Theurer’s original goal for the stock price was $ 185, when the stock was around $ 155. Since then, Beyond Meat’s stock has risen wildly, from about $ 160 a share, to $ 55 and going back to the current level of $ 141.68.
As time passed, its target price dropped to $ 100 per share. On Monday, it raised it to $ 115, approximately 19% below recent levels.
Overall, Wall Street is unsure about Beyond’s shares. Only three analysts rate the shares in Buy, while 17 have Hold or Sell ratings.
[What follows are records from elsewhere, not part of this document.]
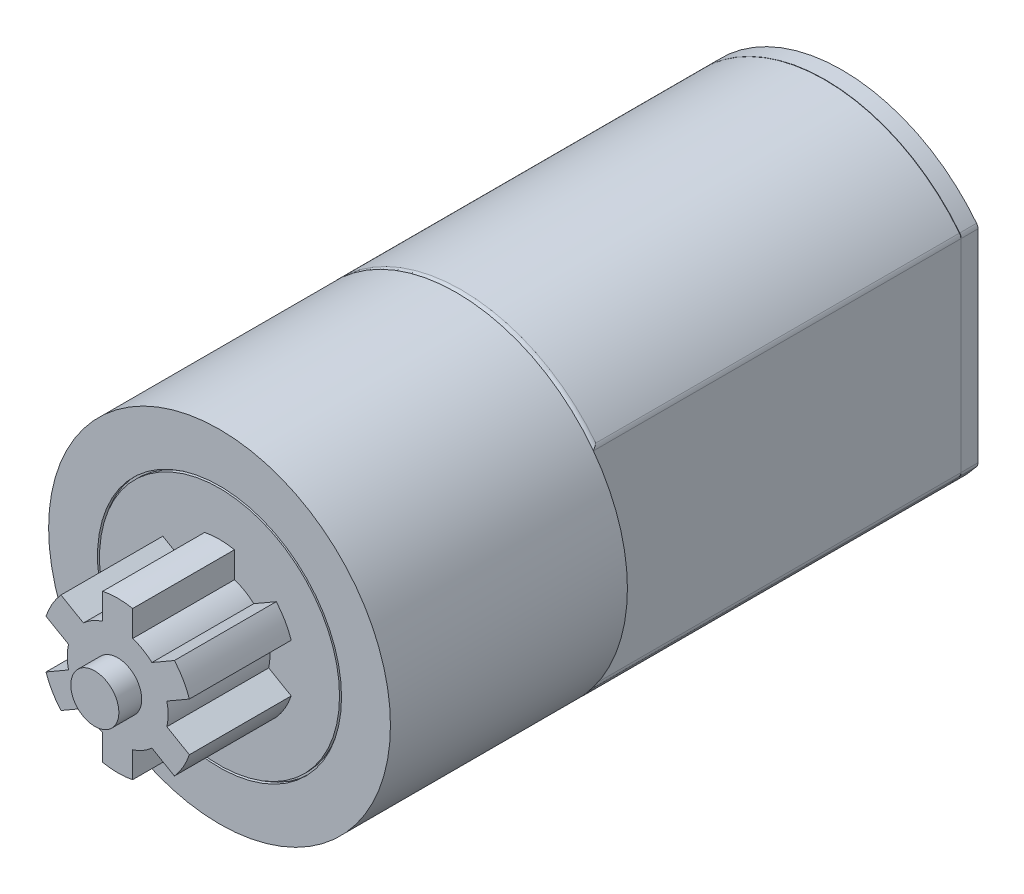
SolidWorks part; units mm, degrees
ref_plane "Front Plane" through (0, 0, 0) normal (0, 0, 1) x (1, 0, 0)
ref_plane "Top Plane" through (0, 0, 0) normal (0, 1, 0) x (1, 0, 0)
ref_plane "Right Plane" through (0, 0, 0) normal (1, 0, 0) x (0, 0, -1)
sketch "Sketch1" plane through (0, 0, 0) normal (0, 0, 1) x (1, 0, 0)
  circle A0 centre (0, 0) radius 5.085
  dimension "D1" = 10.17
extrude "Boss-Extrude1" add sketch "Sketch1" along normal blind 23.23
sketch "Sketch2" plane through (0, 0, 0) normal (0, 0, -1) x (-1, 0, 0)
  circle A0 centre (0, 0) radius 5.085
  circle A1 centre (0, 0) radius 2
  dimension "D1" = 4
extrude "Cut-Extrude1" cut sketch "Sketch2" against normal blind 1 contours A0 | A1
sketch "Sketch4" plane through (0, 0, 0) normal (0, 0, -1) x (-1, 0, 0)
  circle A0 centre (0, 0) radius 0.8
  dimension "D1" = 1.6
extrude "Cut-Extrude2" cut sketch "Sketch4" against normal blind 0.5
sketch "Sketch5" plane through (0, 0, 0) normal (0, 0, -1) x (-1, 0, 0)
  line L0 (-10.1891, 0) -> (11.0581, 0) construction
  line L2 (-7.5369, -5.085) -> (-4.045, -5.085)
  line L3 (-7.5369, -5.085) -> (-7.5369, 5.085)
  line L4 (-7.5369, 5.085) -> (-4.045, 5.085)
  line L5 (-4.045, -5.085) -> (-4.045, 5.085)
  line L6 (-7.5369, -5.085) -> (-4.045, 5.085) construction
  line L7 (-7.5369, 5.085) -> (-4.045, -5.085) construction
  line L8 (8.0438, -5.085) -> (4.045, -5.085)
  line L9 (8.0438, -5.085) -> (8.0438, 5.085)
  line L10 (8.0438, 5.085) -> (4.045, 5.085)
  line L11 (4.045, -5.085) -> (4.045, 5.085)
  line L12 (8.0438, -5.085) -> (4.045, 5.085) construction
  line L13 (8.0438, 5.085) -> (4.045, -5.085) construction
  point P3 (-5.791, 0)
  point P8 (6.0444, 0)
  dimension "D1" = 8.09
  dimension "D2" = 4.045
extrude "Cut-Extrude3" cut sketch "Sketch5" against normal blind 12.47 contours L11 L8 L9 L10 | L11 | L4 L5 L2 L3 region at (-6.0444, 0, 0)
sketch "Sketch6" plane through (0, 0, 23.23) normal (0, 0, 1) x (1, 0, 0)
  circle A0 centre (0, 0) radius 2.25
  circle A1 centre (0, 0) radius 5.085
  dimension "D1" = 4.5
extrude "Cut-Extrude4" cut sketch "Sketch6" against normal blind 3.71 contours A0 | A1
sketch "Sketch7" plane through (0, 0, 19.52) normal (0, 0, 1) x (1, 0, 0)
  circle A0 centre (0, 0) radius 3.57
  circle A1 centre (0, 0) radius 3.63
  dimension "D1" = 7.14
  dimension "D2" = 7.26
extrude "Cut-Extrude5" cut sketch "Sketch7" against normal blind 0.1
sketch "Sketch8" plane through (0, 0, 23.23) normal (0, 0, 1) x (1, 0, 0)
  circle A0 centre (0, 0) radius 2.25
  circle A1 centre (0, 0) radius 0.715
  circle M1 centre (0, 0) radius 2.25
  dimension "D1" = 1.43
extrude "Cut-Extrude6" cut sketch "Sketch8" against normal blind 0.68 contours A1 M1 region at (-2.1864, 0, 23.23)
sketch "Sketch9" plane through (0, 0, 22.55) normal (0, 0, 1) x (1, 0, 0)
  line L0 (0, 0) -> (0, 2.25) construction
  line L1 (-0.445, 0.5) -> (0.445, 0.5)
  line L2 (-0.445, 0.5) -> (-0.445, 2.5)
  line L3 (-0.445, 2.5) -> (0.445, 2.5)
  line L4 (0.445, 0.5) -> (0.445, 2.5)
  line L5 (-0.445, 0.5) -> (0.445, 2.5) construction
  line L6 (-0.445, 2.5) -> (0.445, 0.5) construction
  line L7 (0.2105, 0.6354) -> (1.9426, 1.6354)
  line L8 (1.9426, 1.6354) -> (2.3876, 0.8646)
  line L9 (0.6555, -0.1354) -> (2.3876, 0.8646)
  line L10 (0.2105, 0.6354) -> (0.6555, -0.1354)
  line L11 (0.2105, 0.6354) -> (2.3876, 0.8646) construction
  line L12 (1.9426, 1.6354) -> (0.6555, -0.1354) construction
  line L13 (0.6555, 0.1354) -> (2.3876, -0.8646)
  line L14 (2.3876, -0.8646) -> (1.9426, -1.6354)
  line L15 (0.2105, -0.6354) -> (1.9426, -1.6354)
  line L16 (0.6555, 0.1354) -> (0.2105, -0.6354)
  line L17 (0.6555, 0.1354) -> (1.9426, -1.6354) construction
  line L18 (2.3876, -0.8646) -> (0.2105, -0.6354) construction
  line L19 (0.445, -0.5) -> (0.445, -2.5)
  line L20 (0.445, -2.5) -> (-0.445, -2.5)
  line L21 (-0.445, -0.5) -> (-0.445, -2.5)
  line L22 (0.445, -0.5) -> (-0.445, -0.5)
  line L23 (0.445, -0.5) -> (-0.445, -2.5) construction
  line L24 (0.445, -2.5) -> (-0.445, -0.5) construction
  line L25 (-0.2105, -0.6354) -> (-1.9426, -1.6354)
  line L26 (-1.9426, -1.6354) -> (-2.3876, -0.8646)
  line L27 (-0.6555, 0.1354) -> (-2.3876, -0.8646)
  line L28 (-0.2105, -0.6354) -> (-0.6555, 0.1354)
  line L29 (-0.2105, -0.6354) -> (-2.3876, -0.8646) construction
  line L30 (-1.9426, -1.6354) -> (-0.6555, 0.1354) construction
  line L31 (-0.6555, -0.1354) -> (-2.3876, 0.8646)
  line L32 (-2.3876, 0.8646) -> (-1.9426, 1.6354)
  line L33 (-0.2105, 0.6354) -> (-1.9426, 1.6354)
  line L34 (-0.6555, -0.1354) -> (-0.2105, 0.6354)
  line L35 (-0.6555, -0.1354) -> (-1.9426, 1.6354) construction
  line L36 (-2.3876, 0.8646) -> (-0.2105, 0.6354) construction
  circle A0 centre (0, 0) radius 1.5
  circle A1 centre (0, 0) radius 2.25
  point P3 (0, 1.5)
  point P33 (0, 0)
  circle M2 centre (0, 0) radius 2.25
  dimension "D1" = 3
  dimension "D4" = 6
  dimension "D2" = 0.89
  dimension "D3" = 2
extrude "Cut-Extrude7" cut sketch "Sketch9" against normal up to surface (3.03 mm away) contours A0 L2 L33 M2 | A0 L7 L4 M2 | A0 L13 L9 M2 | A0 L19 L15 M2 | A0 L25 L21 M2 | A0 L31 L27 M2 region at (-0.9473, 1.6407, 22.55) region at (0.9473, 1.6407, 22.55) region at (-1.8945, 0, 22.55) region at (1.8945, 0, 22.55) region at (-0.9473, -1.6407, 22.55) region at (0.9473, -1.6407, 22.55) up to face at (2.25, 0, 19.52)
sketch "Sketch10" plane through (0, 0, 1) normal (0, 0, -1) x (-1, 0, 0)
  line L0 (4.045, -3.0814) -> (4.045, 3.0814) construction
  circle A0 centre (2.5, -3.1452) radius 0.455
  dimension "D1" = 0.91
  dimension "D2" = 1.545
extrude "Boss-Extrude2" add sketch "Sketch10" along normal blind 0.68
sketch "Sketch11" plane through (0, 0, 12.47) normal (0, 0, -1) x (-1, 0, 0)
  circle A0 centre (0, 0) radius 5.085
  circle A1 centre (0, 0) radius 5.035
  dimension "D1" = 10.07
extrude "Cut-Extrude8" cut sketch "Sketch11" along normal blind 0.01 contours A1 | A0
fillet "Fillet3" radius 0.2 6 edges at (0, 5.085, 12.46) (-4.045, 3.0814, 6.73) (-4.045, -3.0814, 6.73) (4.045, 3.0814, 6.73) (4.045, -3.0814, 6.73) (0, -5.085, 12.46)
ref_plane "Plane1" through (0, 0, 1.5) normal (0, 0, -1) x (-1, 0, 0)
sketch "Sketch15" plane through (0, 0, 1.5) normal (0, 0, -1) x (-1, 0, 0)
  line L0 (-3.945, 3.1206) -> (-3.945, -3.1206)
  line L1 (3.945, 3.1206) -> (3.945, -3.1206)
  line L2 (4.045, -3.0132) -> (4.045, 3.0132)
  line L3 (-4.045, 3.0132) -> (-4.045, -3.0132)
  line L4 (4.045, -3.0132) -> (4.045, 3.0132)
  line L5 (-4.045, 3.0132) -> (-4.045, -3.0132)
  arc A0 (-3.945, -3.1206) -> (3.945, -3.1206) centre (0, 0) ccw
  arc A1 (3.945, 3.1206) -> (-3.9453, 3.1201) centre (0, 0) ccw
  arc A6 (4.045, 3.0132) -> (4.0024, 3.1365) centre (3.845, 3.0132) ccw
  arc A7 (4.0024, 3.1365) -> (-4.0024, 3.1365) centre (0, 0) ccw
  arc A8 (-4.0024, 3.1365) -> (-4.045, 3.0132) centre (-3.845, 3.0132) ccw
  arc A9 (-4.045, -3.0132) -> (-4.0024, -3.1365) centre (-3.845, -3.0132) ccw
  arc A10 (-4.0024, -3.1365) -> (4.0024, -3.1365) centre (0, 0) ccw
  arc A11 (4.0024, -3.1365) -> (4.045, -3.0132) centre (3.845, -3.0132) ccw
  arc A12 (4.045, 3.0132) -> (4.0024, 3.1365) centre (3.845, 3.0132) ccw
  arc A13 (4.0024, 3.1365) -> (-4.0024, 3.1365) centre (0, 0) ccw
  arc A14 (-4.0024, 3.1365) -> (-4.045, 3.0132) centre (-3.845, 3.0132) ccw
  arc A15 (-4.045, -3.0132) -> (-4.0024, -3.1365) centre (-3.845, -3.0132) ccw
  arc A16 (-4.0024, -3.1365) -> (4.0024, -3.1365) centre (0, 0) ccw
  arc A17 (4.0024, -3.1365) -> (4.045, -3.0132) centre (3.845, -3.0132) ccw
  dimension "D1" = 0
  dimension "D2" = 10.06
  dimension "D3" = 0.1
  dimension "D4" = 0.1
extrude "Cut-Extrude9" cut sketch "Sketch15" against normal blind 0.01 contours A16 A17 L4 A12 A13 A14 L5 A15 A1 L1 A0 L0 region at (-4.0218, -3.0742, 1.5)

The 15% buy rating ratio is well below the 55% average for stocks on the Dow Jones Industrial Average.
Valuation seems to be the main reason for the large percentage of pans. The average price target among analysts is approximately $ 100 per share, almost 30% below recent trading levels.
Barron’s He also struggles with Beyond’s rating. We chose the shares in May 2019, believing the price was too rich, while acknowledging the company’s strong business execution. Beyond’s shares are currently trading approximately 13 times more, above where other high-growth food companies have traded in the recent past.
Food pairs in the S&P 500 trade just over 2 times sales on average. Those companies, of course, grow much more slowly than Beyond.
Since that item appeared, with the stock price at about $ 100, Barron’s He has looked smart and stupid. The shares have been volatile, ranging from around $ 50 to $ 240.
Beyond stocks it fell 8.8% to $ 129.25 at 10:42 am The Dow was up 1.5% and while the S&P 500 gained 0.9%.
Year-to-date, Beyond shares rose approximately 87% to Friday’s closing price.